Abrüstung muss praktisch werden – Kein Cyber Valley! Aufruf zur Teilnahme am Ostermarsch 2019 in Stuttgart

Sa. 20.4.2019, 11:55 Lautenschlagerstrasse (Stuttgart Hbf)
Gemeinsame Anreise: Tübingen Hbf: 10:20, Reutlingen Hbf: 10:40

Der diesjährige Aufruf zum Ostermarsch (https://bawue.vvn-bda.de/2019/02/20/aufruf-zum-ostermarsch-2019/) steht unter dem Motto „Abrüsten statt Aufrüsten“. Thematisiert werden dort die Bundeswehreinsätze u.a. in Afghanistan und Mali, die Aufrüstung der Europäischen Union, der rasant wachsende deutsche Rüstungshaushalt, die drohende Konfrontation mit Russland und die Gefahr einer neuen Hochrüstung mit atomaren Mittelstreckenraketen durch die Kündigung des INF-Vertrages.
Ganz konkret wird in diesem Zusammenhang auch das Cyber Valley genannt, mit dem Industrie und Landesregierung die Region zwischen Stuttgart und Tübingen zum deutschlandweit führenden Standort für die Entwicklung Künstlicher Intelligenz machen wollen. Solche Technologien gelten aktuell sowohl in Russland als auch in den USA als „Game Changer“ in der Kriegführung. Auch die Bundeswehr betrachtet den „Cyber und Informationsraum“ als Domäne der Kriegführung und hat hierfür 2017 eine eigene Teilstreitkraft aufgebaut. Zugleich fördert sie entsprechende Entwicklungen und beobachtet neue Forschungsergebnisse genau, um ihren militärischen Nutzen frühzeitig zu erkennen und zu realisieren.

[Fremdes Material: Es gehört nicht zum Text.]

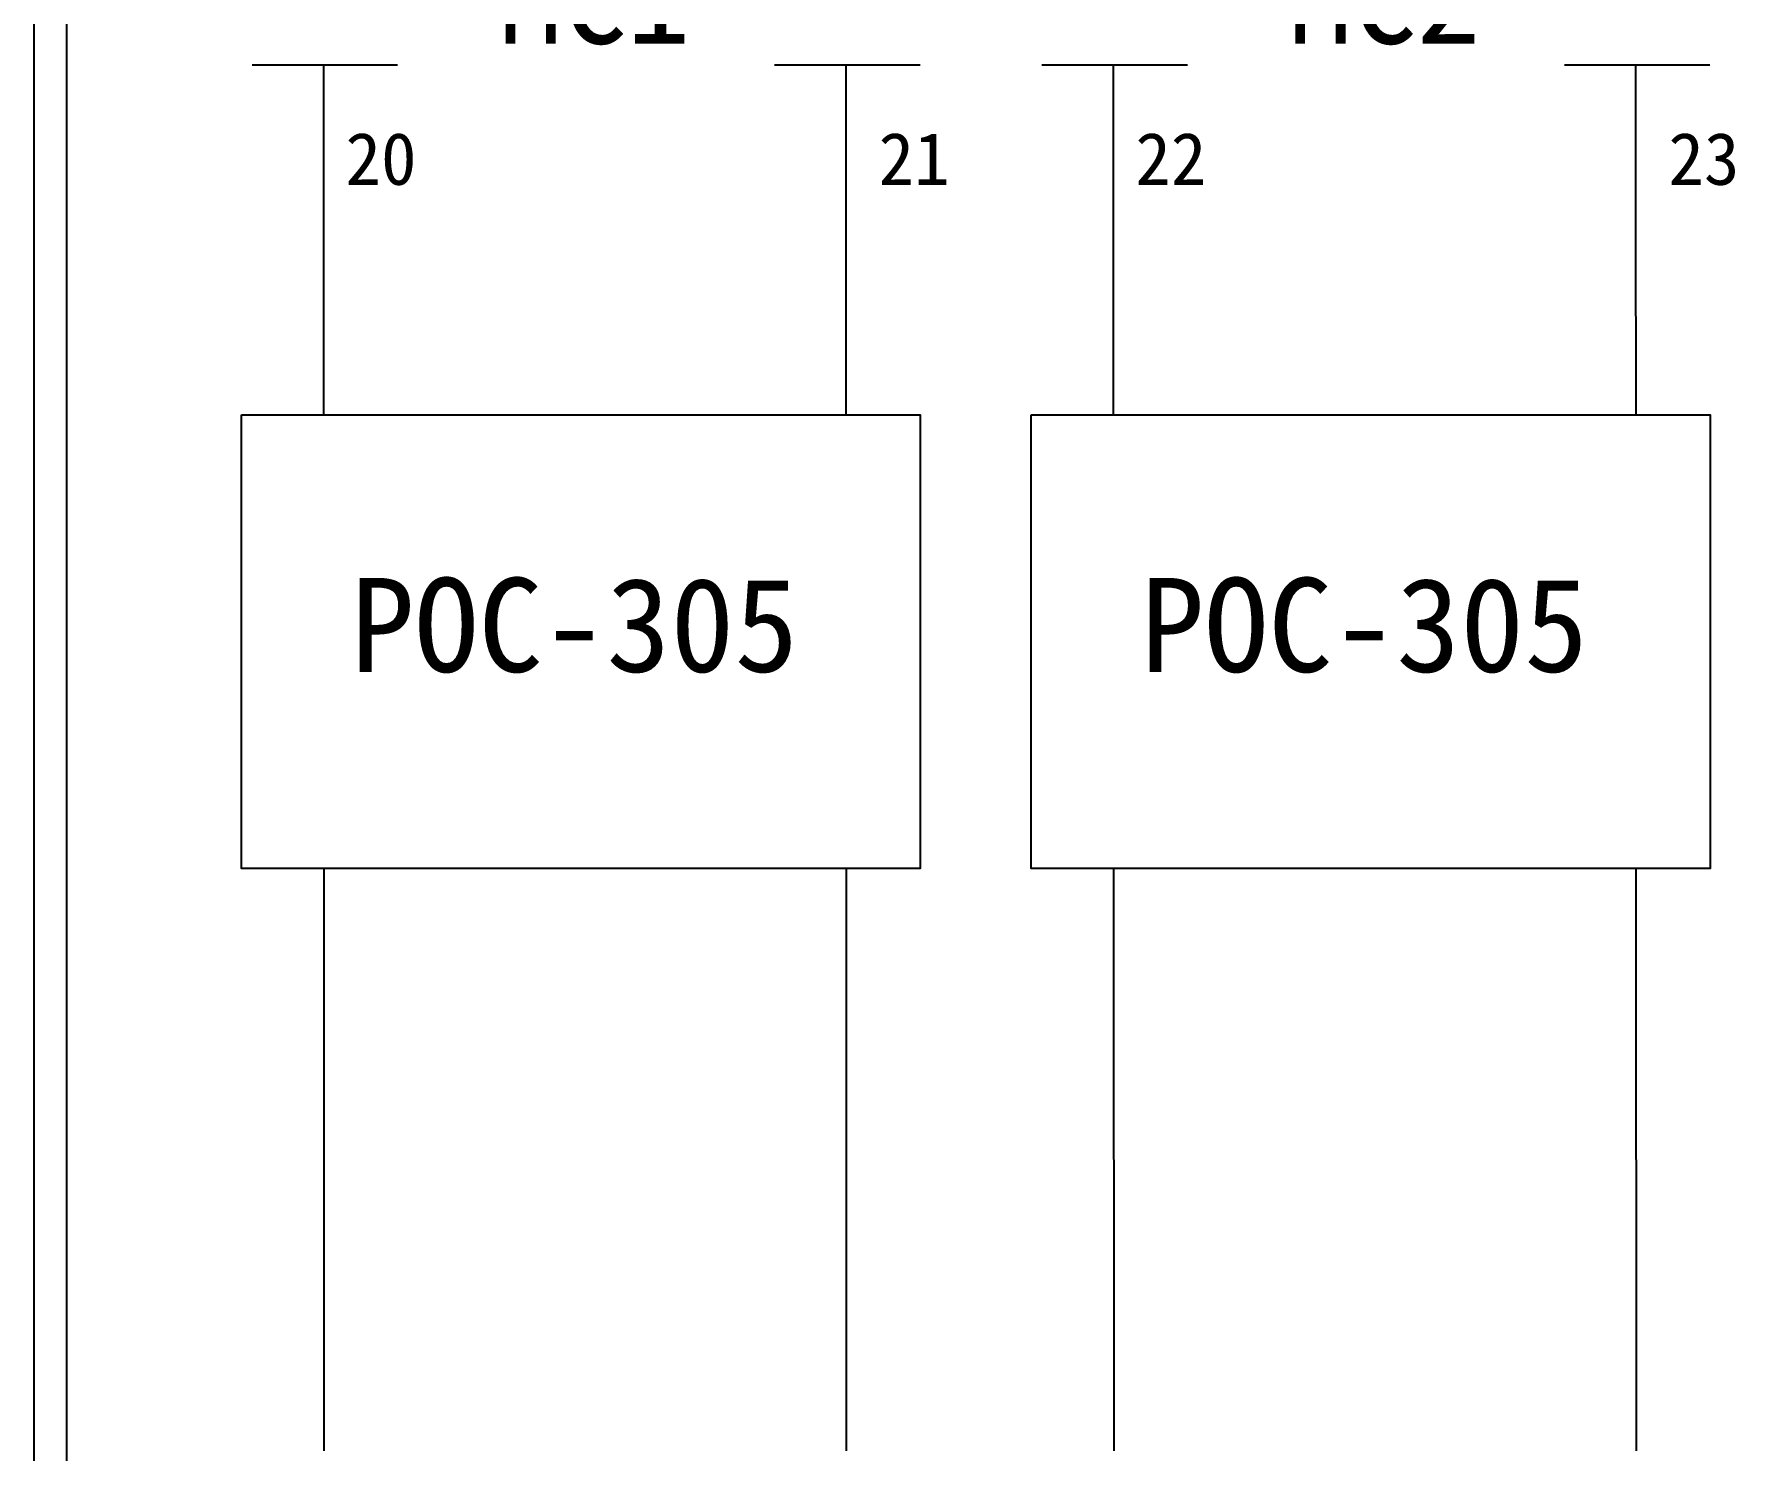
# Model space of a CAD drawing. Extents: x 10 to 297, y 3 to 207.
# Drawn here: x 10 to 75.1, y 57.4 to 111.6 of the extents above; entities that cross this region are included whole.
import ezdxf

# ---------------------------------------------------------------- set-up
doc = ezdxf.new("R2010")
doc.units = 0
doc.layers.get('0').update_dxf_attribs({"linetype": 'CONTINUOUS'})
doc.layers.add('圖框層', color=7, linetype='CONTINUOUS')
doc.layers.add('標尺寸層', color=3, linetype='CONTINUOUS')
doc.styles.add('STSL', font='KAIU.TTF')

msp = doc.modelspace()

# ---------------------------------------------------------------- linework, layer by layer
for p, q in [((21.08, 110.424), (21.08, 104.562)), ((41.08, 110.424), (41.08, 104.562)), ((51.317, 110.424), (51.317, 104.562)), ((71.317, 110.424), (71.317, 104.562)), ((21.08, 104.562), (21.083, 97.029)), ((41.08, 104.562), (41.083, 97.029)), ((51.317, 104.562), (51.32, 97.029)), ((71.317, 104.562), (71.32, 97.029)), ((21.089, 79.652), (21.098, 57.361)), ((41.089, 79.652), (41.098, 57.361)), ((51.327, 79.652), (51.335, 57.361)), ((71.327, 79.652), (71.335, 57.361))]:
    msp.add_line(p, q)
at = {"layer": '圖框層', "color": 7}
for p, q in [((10, 3), (10, 206.969)), ((11.25, 4.25), (11.25, 205.719))]:
    msp.add_line(p, q, dxfattribs=at)
at = {"layer": '標尺寸層', "color": 7}
for p, q in [((18.351, 110.424), (23.919, 110.424)), ((21.08, 110.424), (21.08, 104.562)), ((38.351, 110.424), (43.919, 110.424)), ((48.589, 110.424), (54.156, 110.424)), ((51.317, 110.424), (51.317, 104.562)), ((68.589, 110.424), (74.156, 110.424))]:
    msp.add_line(p, q, dxfattribs=at)
for points in [[(17.937, 97.029), (43.93, 97.029), (43.93, 79.652), (17.937, 79.652)], [(48.175, 97.029), (74.167, 97.029), (74.167, 79.652), (48.175, 79.652)]]:
    msp.add_lwpolyline(points, close=True, dxfattribs=at)

# ---------------------------------------------------------------- texts
at = {"layer": '圖框層', "color": 4, "style": 'STSL'}
for s, height, p in [('MC1', 3.6, (27.791, 111.23)), ('MC2', 3.6, (58.029, 111.23)), ('20', 2, (21.924, 105.828)), ('21', 2, (42.332, 105.828)), ('22', 2, (52.161, 105.828)), ('23', 2, (72.57, 105.828)), ('POC-305', 3.6, (22.118, 87.183)), ('POC-305', 3.6, (52.355, 87.183))]:
    msp.add_text(s, height=height, dxfattribs=at).set_placement(p)

doc.saveas('drawing.dxf')

Zwar behaupten viele Beteiligte im Cyber Valley, dass sie keine militärische Nutzung ihrer Forschung wollten – kooperieren jedoch zugleich mit in der Rüstung tätigen Unternehmen wie ZF Friedrichshafen, Amazon und Daimler. Zum Cyber Valley gehört der Bau eines Entwicklungszentrums von Amazon für Maschinelles Lernen – eine Fähigkeit, die der Konzern bereits jetzt für den US-Auslandsgeheimdienst CIA und künftig auch für das Pentagon bereitstellen will. Unter anderem deshalb lehnen die Beteiligten eine eine Zivilklausel strikt ab. Stattdessen fordern sie, eine entsprechende Forschung müsse deshalb auch hier stattfinden und umfangreich gefördert werden, damit Europa, Deutschland, Baden Württemberg nicht ins Hintertreffen geraten – eine ganz typische Argumentation jeder Aufrüstungsdebatte. Die u.a. im Aufruf zum Ostermarsch genannten Gründe, warum Forschung zu Künstlicher Intelligenz unter den aktuellen Umständen nicht ohne weiteres friedlich bleiben kann und wird, sehen sie nicht oder verfolgen davon unbeirrt ihre kommerziellen und wissenschaftlichen Interessen.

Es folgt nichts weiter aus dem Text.